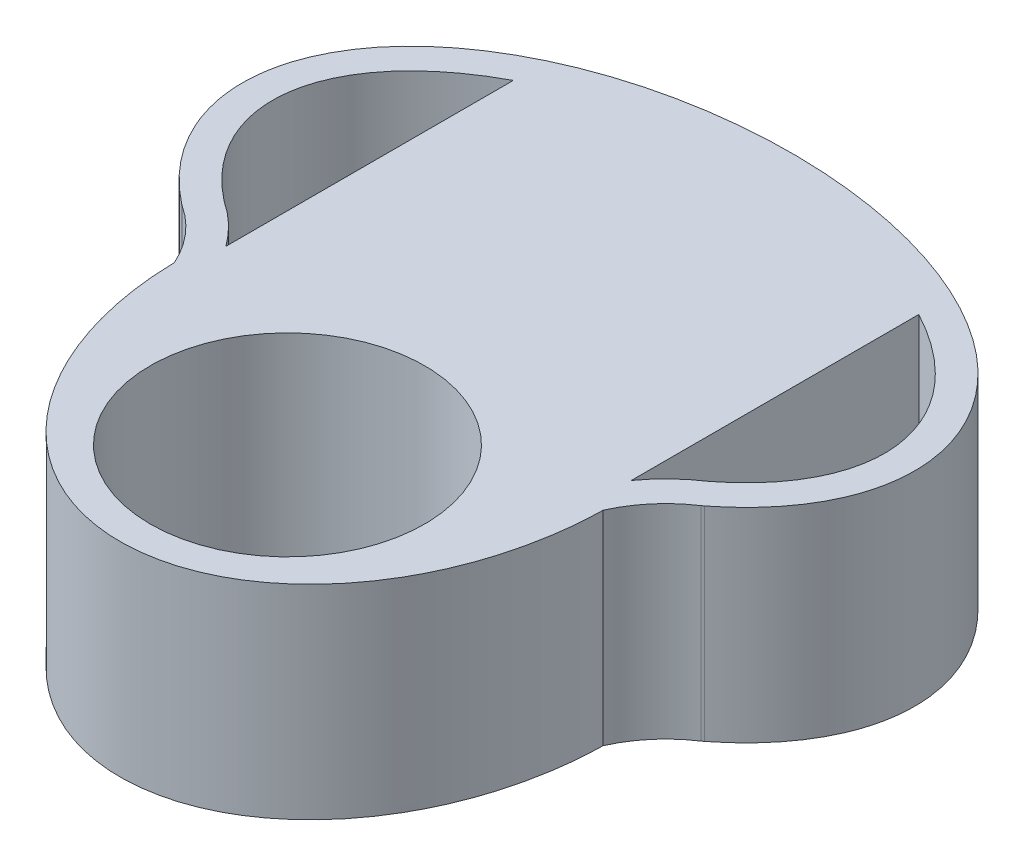
from build123d import *

# Parameters (mm, degrees)
SKETCH2_R           = 42.719462629
BOSS_EXTRUDE1_DEPTH = 63.5


with BuildPart() as part:
    # Sketch2 → Boss-Extrude1 (new body)
    with BuildSketch(Plane(origin=(0, 0, 0), x_dir=(1, 0, 0), z_dir=(0, 1, 0))):
        with BuildLine():
            add(Edge.make_bspline(
                [(-81.418271406, -42.145271175), (-82.170892978, -41.555605689), (-83.661947513, -40.34468266), (-86.504917126, -37.858902664), (-89.826106451, -34.605614461), (-93.402448477, -30.484129949), (-97.592609956, -24.708725497), (-101.670899734, -16.994783744), (-104.458923138, -7.121149558), (-104.935398087, 3.044819843), (-102.433523024, 16.436187317), (-93.803088458, 31.852958892), (-76.611247213, 46.872704612), (-54.178867472, 58.053706434), (-28.050376191, 64.98110667), (0, 67.331446665), (28.050376191, 64.98110667), (54.178867472, 58.053706434), (76.611247213, 46.872704612), (93.803088458, 31.852958892), (102.433523024, 16.436187317), (104.935398087, 3.044819843), (104.458923138, -7.121149558), (101.670899734, -16.994783744), (97.592609956, -24.708725497), (93.402448477, -30.484129949), (89.826106451, -34.605614461), (86.504917126, -37.858902664), (83.661947513, -40.34468266), (82.170892978, -41.555605689), (81.418271406, -42.145271175)],
                knots=[-0.653544264, -0.653544264, -0.653544264, -0.653544264, -0.618788942, -0.58403362, -0.514522977, -0.445012334, -0.37550169, -0.236480403, -0.097459116, 0.041562171, 0.180583458, 0.458626031, 0.736668605, 1.014711179, 1.292753753, 1.570796327, 1.848838901, 2.126881474, 2.404924048, 2.682966622, 2.961009196, 3.100030483, 3.23905177, 3.378073057, 3.517094344, 3.586604987, 3.656115631, 3.725626274, 3.760381596, 3.795136918, 3.795136918, 3.795136918, 3.795136918], degree=3))
            Line((-81.418271406, -42.145271175), (-80.782524238, -42.60195459))
            ThreePointArc((-80.782524238, -42.60195459), (-72.590288115, -49.838688832), (-66.759034423, -59.084203181))
            add(Edge.make_bspline(
                [(-66.759034423, -59.084203181), (-66.756215175, -59.24536099), (-66.661656556, -64.048566295), (-65.790713621, -74.286669871), (-62.365697816, -89.290962144), (-56.461216886, -103.979945176), (-45.725258503, -121.392835835), (-31.037649258, -134.546769237), (-13.714508461, -141.546891793), (0, -143.348554103), (13.714508461, -141.546891793), (31.037649258, -134.546769237), (45.725258503, -121.392835835), (56.461216886, -103.979945176), (62.365697816, -89.290962144), (65.790713621, -74.286669871), (66.661656556, -64.048566295), (66.756215175, -59.24536099), (66.759034423, -59.084203181)],
                knots=[-1.547568222, -1.547568222, -1.547568222, -1.547568222, -1.541761196, -1.374446786, -1.178097245, -0.981747704, -0.785398163, -0.392699082, -0.196349541, 0, 0.196349541, 0.392699082, 0.785398163, 0.981747704, 1.178097245, 1.374446786, 1.541761196, 1.547568222, 1.547568222, 1.547568222, 1.547568222], degree=3))
            ThreePointArc((66.759034423, -59.084203181), (72.590288115, -49.838688832), (80.782524238, -42.60195459))
            Line((80.782524238, -42.60195459), (81.418271406, -42.145271175))
        make_face()
        with BuildLine():
            Line((-63.117151263, 42.801443643), (-63.117151263, -46.696050008))
            ThreePointArc((-63.117151263, -46.696050008), (-68.826389344, -40.153156206), (-75.622200408, -34.74743602))
            add(Edge.make_bspline(
                [(-63.117151263, 42.801443643), (-129.572781961, 7.521875813), (-75.622200408, -34.74743602)],
                knots=[5.473145987, 5.473145987, 5.473145987, 6.936729571, 6.936729571, 6.936729571], degree=2, weights=[0.749177169, 0.633315632, 1]))
        make_face(mode=Mode.SUBTRACT)
        with BuildLine():
            add(Edge.make_bspline(
                [(63.117151263, 42.801443643), (85.588412535, 30.872034834), (103.059743747, 11.866002701), (100.457712976, -8.676182438), (89.289299072, -24.039509643), (75.622200408, -34.74743602)],
                knots=[5.473145987, 5.473145987, 5.473145987, 5.473145987, 5.473145987, 5.473145987, 6.936729571, 6.936729571, 6.936729571, 6.936729571, 6.936729571, 6.936729571], degree=5, weights=[1, 1, 0.972678032, 0.989522952, 1, 1]))
            ThreePointArc((75.622200408, -34.74743602), (68.826389344, -40.153156206), (63.117151263, -46.696050008))
            Line((63.117151263, -46.696050008), (63.117151263, 42.801443643))
        make_face(mode=Mode.SUBTRACT)
        with Locations(Location((0, -90.630537371, 0), (0, 0, 270))):
            Circle(SKETCH2_R, mode=Mode.SUBTRACT)
    extrude(amount=BOSS_EXTRUDE1_DEPTH)


solid = part.part
::::::::::
# [The problem]
Return the records exactly. Don't carry the pictures over.

# [Written answer]
from build123d import *

# Parameters (mm, degrees)
SKETCH2_R           = 42.719462629
BOSS_EXTRUDE1_DEPTH = 63.5


with BuildPart() as part:
    # Sketch2 → Boss-Extrude1 (new body)
    with BuildSketch(Plane(origin=(0, 0, 0), x_dir=(1, 0, 0), z_dir=(0, 1, 0))):
        with BuildLine():
            add(Edge.make_bspline(
                [(-81.418271406, -42.145271175), (-82.170892978, -41.555605689), (-83.661947513, -40.34468266), (-86.504917126, -37.858902664), (-89.826106451, -34.605614461), (-93.402448477, -30.484129949), (-97.592609956, -24.708725497), (-101.670899734, -16.994783744), (-104.458923138, -7.121149558), (-104.935398087, 3.044819843), (-102.433523024, 16.436187317), (-93.803088458, 31.852958892), (-76.611247213, 46.872704612), (-54.178867472, 58.053706434), (-28.050376191, 64.98110667), (0, 67.331446665), (28.050376191, 64.98110667), (54.178867472, 58.053706434), (76.611247213, 46.872704612), (93.803088458, 31.852958892), (102.433523024, 16.436187317), (104.935398087, 3.044819843), (104.458923138, -7.121149558), (101.670899734, -16.994783744), (97.592609956, -24.708725497), (93.402448477, -30.484129949), (89.826106451, -34.605614461), (86.504917126, -37.858902664), (83.661947513, -40.34468266), (82.170892978, -41.555605689), (81.418271406, -42.145271175)],
                knots=[-0.653544264, -0.653544264, -0.653544264, -0.653544264, -0.618788942, -0.58403362, -0.514522977, -0.445012334, -0.37550169, -0.236480403, -0.097459116, 0.041562171, 0.180583458, 0.458626031, 0.736668605, 1.014711179, 1.292753753, 1.570796327, 1.848838901, 2.126881474, 2.404924048, 2.682966622, 2.961009196, 3.100030483, 3.23905177, 3.378073057, 3.517094344, 3.586604987, 3.656115631, 3.725626274, 3.760381596, 3.795136918, 3.795136918, 3.795136918, 3.795136918], degree=3))
            Line((-81.418271406, -42.145271175), (-80.782524238, -42.60195459))
            ThreePointArc((-80.782524238, -42.60195459), (-72.590288115, -49.838688832), (-66.759034423, -59.084203181))
            add(Edge.make_bspline(
                [(-66.759034423, -59.084203181), (-66.756215175, -59.24536099), (-66.661656556, -64.048566295), (-65.790713621, -74.286669871), (-62.365697816, -89.290962144), (-56.461216886, -103.979945176), (-45.725258503, -121.392835835), (-31.037649258, -134.546769237), (-13.714508461, -141.546891793), (0, -143.348554103), (13.714508461, -141.546891793), (31.037649258, -134.546769237), (45.725258503, -121.392835835), (56.461216886, -103.979945176), (62.365697816, -89.290962144), (65.790713621, -74.286669871), (66.661656556, -64.048566295), (66.756215175, -59.24536099), (66.759034423, -59.084203181)],
                knots=[-1.547568222, -1.547568222, -1.547568222, -1.547568222, -1.541761196, -1.374446786, -1.178097245, -0.981747704, -0.785398163, -0.392699082, -0.196349541, 0, 0.196349541, 0.392699082, 0.785398163, 0.981747704, 1.178097245, 1.374446786, 1.541761196, 1.547568222, 1.547568222, 1.547568222, 1.547568222], degree=3))
            ThreePointArc((66.759034423, -59.084203181), (72.590288115, -49.838688832), (80.782524238, -42.60195459))
            Line((80.782524238, -42.60195459), (81.418271406, -42.145271175))
        make_face()
        with BuildLine():
            Line((-63.117151263, 42.801443643), (-63.117151263, -46.696050008))
            ThreePointArc((-63.117151263, -46.696050008), (-68.826389344, -40.153156206), (-75.622200408, -34.74743602))
            add(Edge.make_bspline(
                [(-63.117151263, 42.801443643), (-129.572781961, 7.521875813), (-75.622200408, -34.74743602)],
                knots=[5.473145987, 5.473145987, 5.473145987, 6.936729571, 6.936729571, 6.936729571], degree=2, weights=[0.749177169, 0.633315632, 1]))
        make_face(mode=Mode.SUBTRACT)
        with BuildLine():
            add(Edge.make_bspline(
                [(63.117151263, 42.801443643), (85.588412535, 30.872034834), (103.059743747, 11.866002701), (100.457712976, -8.676182438), (89.289299072, -24.039509643), (75.622200408, -34.74743602)],
                knots=[5.473145987, 5.473145987, 5.473145987, 5.473145987, 5.473145987, 5.473145987, 6.936729571, 6.936729571, 6.936729571, 6.936729571, 6.936729571, 6.936729571], degree=5, weights=[1, 1, 0.972678032, 0.989522952, 1, 1]))
            ThreePointArc((75.622200408, -34.74743602), (68.826389344, -40.153156206), (63.117151263, -46.696050008))
            Line((63.117151263, -46.696050008), (63.117151263, 42.801443643))
        make_face(mode=Mode.SUBTRACT)
        with Locations(Location((0, -90.630537371, 0), (0, 0, 270))):
            Circle(SKETCH2_R, mode=Mode.SUBTRACT)
    extrude(amount=BOSS_EXTRUDE1_DEPTH)


solid = part.part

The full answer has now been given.